Page 1 of 1

Exon location

Posted: Wed Apr 09, 2014 6:56 pm
by drevie
One gene that students are annotating either has a non-canonical splice site or it is missing one nucleotide near the end of an exon or the beginning of another exon. Between the third and fourth exons the reading frame is off if they use the predicted splice sites. I know there are some errors in the D. biarmipes assembly, so is it possible that it is due to a sequencing error? If so, how can we check the assembly?

Re: Exon location

Posted: Thu Apr 10, 2014 12:40 am
by wleung
Both proposed hypothesis are possible but I could not ascertain which hypothesis is more likely without examining the region in the genome browser and gather more evidence.

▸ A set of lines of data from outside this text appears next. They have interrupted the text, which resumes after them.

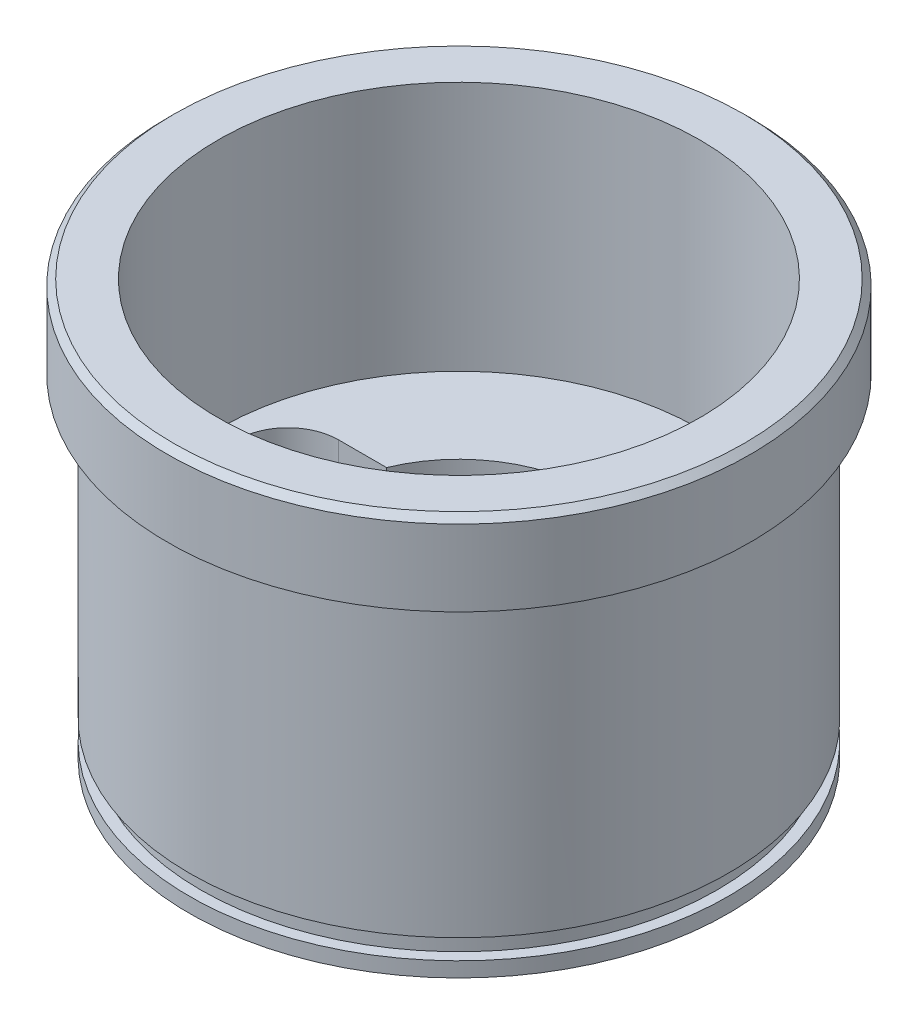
from build123d import *

# Parameters (mm, degrees)
CHANFREIN1_SIZE              = 1
CHANFREIN2_SIZE              = 1
CHANFREIN3_SIZE              = 1.5
CHANFREIN3_SIZE2             = 0.866025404
ESQUISSE4_W                  = 12.671296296
ESQUISSE4_H                  = 3.15
ENL_V_MAT_EXTRU_1_DEPTH      = 7
ENL_V_MAT_EXTRU_2_REACH      = 81.964
ESQUISSE6_R                  = 3.5
R_P_TITION_CIRCULAIRE1_COUNT = 3


with BuildPart() as part:
    # Esquisse2 → R_volution1 (revolve)
    with BuildSketch(Plane.XY, mode=Mode.PRIVATE) as r_volution1_sk:
        Polygon((-42.5, 52.5), (-42.5, 0), (-33, 0), (-33, 14), (-21, 14), (-21, 26), (-38, 26), (-38, 65.5), (-46, 65.5), (-46, 52.5), align=None)
    revolve(r_volution1_sk.sketch.rotate(Axis((0, 0, 0), (0, 1, 0)), 270), axis=Axis((0, 0, 0), (0, 1, 0)))

    # Chanfrein1
    chanfrein1_edges = [part.edges().sort_by_distance(p)[0] for p in [
        (0, 65.5, 46),
    ]]
    chamfer(chanfrein1_edges, length=CHANFREIN1_SIZE)

    # Chanfrein2
    chanfrein2_edges = [part.edges().sort_by_distance(p)[0] for p in [
        (0, 14, 21),
    ]]
    chamfer(chanfrein2_edges, length=CHANFREIN2_SIZE)

    # Chanfrein3
    chanfrein3_edges = [part.edges().sort_by_distance(p)[0] for p in [
        (0, 0, 33),
    ]]
    chanfrein3_side = [part.faces().sort_by_distance(p)[0] for p in [
        (0, 0, 41.297918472),
    ]]
    chamfer(chanfrein3_edges, length=CHANFREIN3_SIZE, length2=CHANFREIN3_SIZE2, reference=chanfrein3_side[0])

    # Esquisse3 → Enl_vement de mati_re-R_volution1 (revolve, cut)
    with BuildSketch(Plane.XY, mode=Mode.PRIVATE) as enl_vement_de_mati_re_r_volution1_sk:
        with BuildLine():
            Line((-34.86, 9.77), (0, 9.77))
            Line((0, 9.77), (0, 5))
            Line((0, 5), (-34.86, 5))
            ThreePointArc((-34.86, 5), (-35.567106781, 5.292893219), (-35.86, 6))
            Line((-35.86, 6), (-35.86, 8.77))
            ThreePointArc((-35.86, 8.77), (-35.567106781, 9.477106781), (-34.86, 9.77))
        make_face()
    revolve(enl_vement_de_mati_re_r_volution1_sk.sketch.rotate(Axis((0, 0, 0), (0, 1, 0)), 270), axis=Axis((0, 0, 0), (0, 1, 0)), mode=Mode.SUBTRACT)

    # Esquisse4 → Enl_vement de mati_re-R_volution2 (revolve, cut)
    with BuildSketch(Plane.XY, mode=Mode.PRIVATE) as enl_vement_de_mati_re_r_volution2_sk:
        with Locations((-47.085648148, 3.925)):
            Rectangle(ESQUISSE4_W, ESQUISSE4_H)
    revolve(enl_vement_de_mati_re_r_volution2_sk.sketch.rotate(Axis((0, 0, 0), (0, -1, 0)), 270), axis=Axis((0, 0, 0), (0, -1, 0)), mode=Mode.SUBTRACT)

    # Esquisse5 → Enl_v. mat.-Extru.1 (cut)
    with BuildSketch(Plane(origin=(0, 26, 0), x_dir=(-1, 0, 0), z_dir=(0, 1, 0))):
        with BuildLine():
            Line((27, -8), (0, -8))
            Line((0, -8), (0, 8))
            Line((0, 8), (27, 8))
            ThreePointArc((27, 8), (35, 0), (27, -8))
        make_face()
    enl_v_mat_extru_1 = extrude(amount=-ENL_V_MAT_EXTRU_1_DEPTH, mode=Mode.SUBTRACT)

    # Esquisse6 → Enl_v. mat.-Extru.2 (cut, up to next)
    with BuildSketch(Plane(origin=(0, 19, 0), x_dir=(-1, 0, 0), z_dir=(0, 1, 0)), mode=Mode.PRIVATE) as enl_v_mat_extru_2_sk1:
        with Locations(Location((27, 0, 0), (0, 0, 90))):
            Circle(ESQUISSE6_R)
    enl_v_mat_extru_2_tool1 = extrude(enl_v_mat_extru_2_sk1.sketch, amount=-ENL_V_MAT_EXTRU_2_REACH, mode=Mode.PRIVATE) & part.part
    enl_v_mat_extru_2 = enl_v_mat_extru_2_tool1.solids().sort_by_distance((-27, 19, 0))[0]
    add(enl_v_mat_extru_2, mode=Mode.SUBTRACT)

    # R_p_tition circulaire1: Enl_v. mat.-Extru.1, Enl_v. mat.-Extru.2 ×3 about axis
    r_p_tition_circulaire1_axis = Axis((0, 0, 0), (0, 1, 0))
    add([enl_v_mat_extru_1.rotate(r_p_tition_circulaire1_axis, i * 360 / R_P_TITION_CIRCULAIRE1_COUNT) for i in range(1, R_P_TITION_CIRCULAIRE1_COUNT)], mode=Mode.SUBTRACT)
    add([enl_v_mat_extru_2.rotate(r_p_tition_circulaire1_axis, i * 360 / R_P_TITION_CIRCULAIRE1_COUNT) for i in range(1, R_P_TITION_CIRCULAIRE1_COUNT)], mode=Mode.SUBTRACT)


solid = part.part
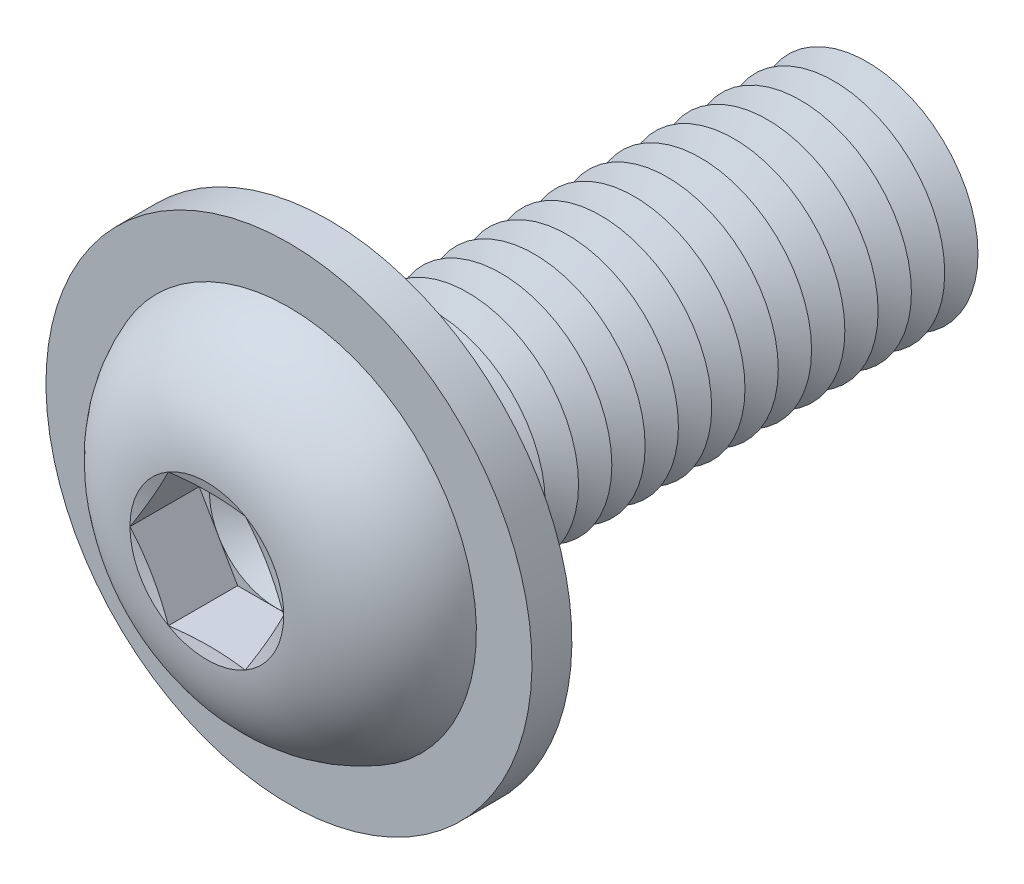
ISO-10303-21;
HEADER;
FILE_DESCRIPTION(('STEP AP214'),'2;1');
FILE_NAME('part.step','',(''),(''),'','','');
FILE_SCHEMA(('AUTOMOTIVE_DESIGN { 1 0 10303 214 1 1 1 1 }'));
ENDSEC;
DATA;
#1=APPLICATION_CONTEXT('core data for automotive mechanical design processes');
#2=APPLICATION_PROTOCOL_DEFINITION('international standard','automotive_design',2000,#1);
#3=PRODUCT_CONTEXT('',#1,'mechanical');
#4=PRODUCT('Part','Part','',(#3));
#5=PRODUCT_RELATED_PRODUCT_CATEGORY('part','',(#4));
#6=PRODUCT_DEFINITION_FORMATION('','',#4);
#7=PRODUCT_DEFINITION_CONTEXT('part definition',#1,'design');
#8=PRODUCT_DEFINITION('design','',#6,#7);
#9=PRODUCT_DEFINITION_SHAPE('','',#8);
#10=(LENGTH_UNIT() NAMED_UNIT(*) SI_UNIT(.MILLI.,.METRE.));
#11=(NAMED_UNIT(*) PLANE_ANGLE_UNIT() SI_UNIT($,.RADIAN.));
#12=(NAMED_UNIT(*) SI_UNIT($,.STERADIAN.) SOLID_ANGLE_UNIT());
#13=UNCERTAINTY_MEASURE_WITH_UNIT(LENGTH_MEASURE(1.E-05),#10,'distance_accuracy_value','');
#14=(GEOMETRIC_REPRESENTATION_CONTEXT(3) GLOBAL_UNCERTAINTY_ASSIGNED_CONTEXT((#13)) GLOBAL_UNIT_ASSIGNED_CONTEXT((#10,
#11,#12)) REPRESENTATION_CONTEXT('',''));
#15=CARTESIAN_POINT('',(0.,0.,0.));
#16=DIRECTION('',(0.,0.,1.));
#17=DIRECTION('',(1.,0.,0.));
#18=AXIS2_PLACEMENT_3D('',#15,#16,#17);
#19=CARTESIAN_POINT('',(0.,0.,-19.75));
#20=DIRECTION('',(0.,0.,1.));
#21=DIRECTION('',(1.,0.,0.));
#22=AXIS2_PLACEMENT_3D('',#19,#20,#21);
#23=CONICAL_SURFACE('',#22,5.,1.0471975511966);
#24=CARTESIAN_POINT('',(0.,0.,-20.5));
#25=DIRECTION('',(0.,0.,1.));
#26=DIRECTION('',(1.,0.,0.));
#27=AXIS2_PLACEMENT_3D('',#24,#25,#26);
#28=CIRCLE('',#27,3.70096189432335);
#29=CARTESIAN_POINT('',(3.70096189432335,0.,-20.5));
#30=VERTEX_POINT('',#29);
#31=EDGE_CURVE('E363',#30,#30,#28,.T.);
#32=ORIENTED_EDGE('',*,*,#31,.T.);
#33=EDGE_LOOP('',(#32));
#34=FACE_BOUND('',#33,.T.);
#35=CARTESIAN_POINT('',(0.,0.,-19.75));
#36=DIRECTION('',(0.,0.,1.));
#37=DIRECTION('',(1.,0.,0.));
#38=AXIS2_PLACEMENT_3D('',#35,#36,#37);
#39=CIRCLE('',#38,5.);
#40=CARTESIAN_POINT('',(5.,0.,-19.75));
#41=VERTEX_POINT('',#40);
#42=EDGE_CURVE('E337',#41,#41,#39,.T.);
#43=ORIENTED_EDGE('',*,*,#42,.F.);
#44=EDGE_LOOP('',(#43));
#45=FACE_BOUND('',#44,.T.);
#46=ADVANCED_FACE('F39',(#34,#45),#23,.T.);
#47=CARTESIAN_POINT('',(0.,0.,-20.5));
#48=DIRECTION('',(0.,0.,-1.));
#49=DIRECTION('',(-1.,0.,0.));
#50=AXIS2_PLACEMENT_3D('',#47,#48,#49);
#51=CONICAL_SURFACE('',#50,3.70096189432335,1.0471975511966);
#52=CARTESIAN_POINT('',(0.,0.,-21.25));
#53=DIRECTION('',(0.,0.,1.));
#54=DIRECTION('',(1.,0.,0.));
#55=AXIS2_PLACEMENT_3D('',#52,#53,#54);
#56=CIRCLE('',#55,5.);
#57=CARTESIAN_POINT('',(5.,0.,-21.25));
#58=VERTEX_POINT('',#57);
#59=EDGE_CURVE('E359',#58,#58,#56,.T.);
#60=ORIENTED_EDGE('',*,*,#59,.T.);
#61=EDGE_LOOP('',(#60));
#62=FACE_BOUND('',#61,.T.);
#63=ORIENTED_EDGE('',*,*,#31,.F.);
#64=EDGE_LOOP('',(#63));
#65=FACE_BOUND('',#64,.T.);
#66=ADVANCED_FACE('F433',(#62,#65),#51,.T.);
#67=CARTESIAN_POINT('',(0.,5.00000000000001,-25.));
#68=DIRECTION('',(0.,0.,-1.));
#69=DIRECTION('',(-1.,0.,0.));
#70=AXIS2_PLACEMENT_3D('',#67,#68,#69);
#71=PLANE('',#70);
#72=CARTESIAN_POINT('',(0.,0.,-25.));
#73=DIRECTION('',(0.,0.,1.));
#74=DIRECTION('',(1.,0.,0.));
#75=AXIS2_PLACEMENT_3D('',#72,#73,#74);
#76=CIRCLE('',#75,3.70096189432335);
#77=CARTESIAN_POINT('',(3.70096189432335,0.,-25.));
#78=VERTEX_POINT('',#77);
#79=EDGE_CURVE('E307',#78,#78,#76,.T.);
#80=ORIENTED_EDGE('',*,*,#79,.F.);
#81=EDGE_LOOP('',(#80));
#82=FACE_BOUND('',#81,.T.);
#83=ADVANCED_FACE('F431',(#82),#71,.T.);
#84=CARTESIAN_POINT('',(0.,0.,-24.25));
#85=DIRECTION('',(0.,0.,1.));
#86=DIRECTION('',(1.,0.,0.));
#87=AXIS2_PLACEMENT_3D('',#84,#85,#86);
#88=CONICAL_SURFACE('',#87,5.,1.0471975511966);
#89=ORIENTED_EDGE('',*,*,#79,.T.);
#90=EDGE_LOOP('',(#89));
#91=FACE_BOUND('',#90,.T.);
#92=CARTESIAN_POINT('',(0.,0.,-24.25));
#93=DIRECTION('',(0.,0.,1.));
#94=DIRECTION('',(1.,0.,0.));
#95=AXIS2_PLACEMENT_3D('',#92,#93,#94);
#96=CIRCLE('',#95,5.);
#97=CARTESIAN_POINT('',(5.,0.,-24.25));
#98=VERTEX_POINT('',#97);
#99=EDGE_CURVE('E416',#98,#98,#96,.T.);
#100=ORIENTED_EDGE('',*,*,#99,.F.);
#101=EDGE_LOOP('',(#100));
#102=FACE_BOUND('',#101,.T.);
#103=ADVANCED_FACE('F428',(#91,#102),#88,.T.);
#104=CARTESIAN_POINT('',(0.,0.,-23.5));
#105=DIRECTION('',(0.,0.,-1.));
#106=DIRECTION('',(-1.,0.,0.));
#107=AXIS2_PLACEMENT_3D('',#104,#105,#106);
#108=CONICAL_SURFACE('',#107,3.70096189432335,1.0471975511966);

In general, non-canonical GC donor sites are found in ~1% of Drosophila genes. Consequently, we will annotate a GC donor site if the GC donor is also found in D. melanogaster or if the splice junction is supported by RNA-Seq data (i.e. TopHat junctions). In order to justify a non-canonical splice donor site that is not present in D. melanogaster, it should be supported by RNA-Seq data and is found in another Drosophila species that is more closely related to D. biarmipes. In some cases, you can use the "Conservation" track (set display mode to full) to see if the non-canonical splice donor site is conserved in the other Drosophila species.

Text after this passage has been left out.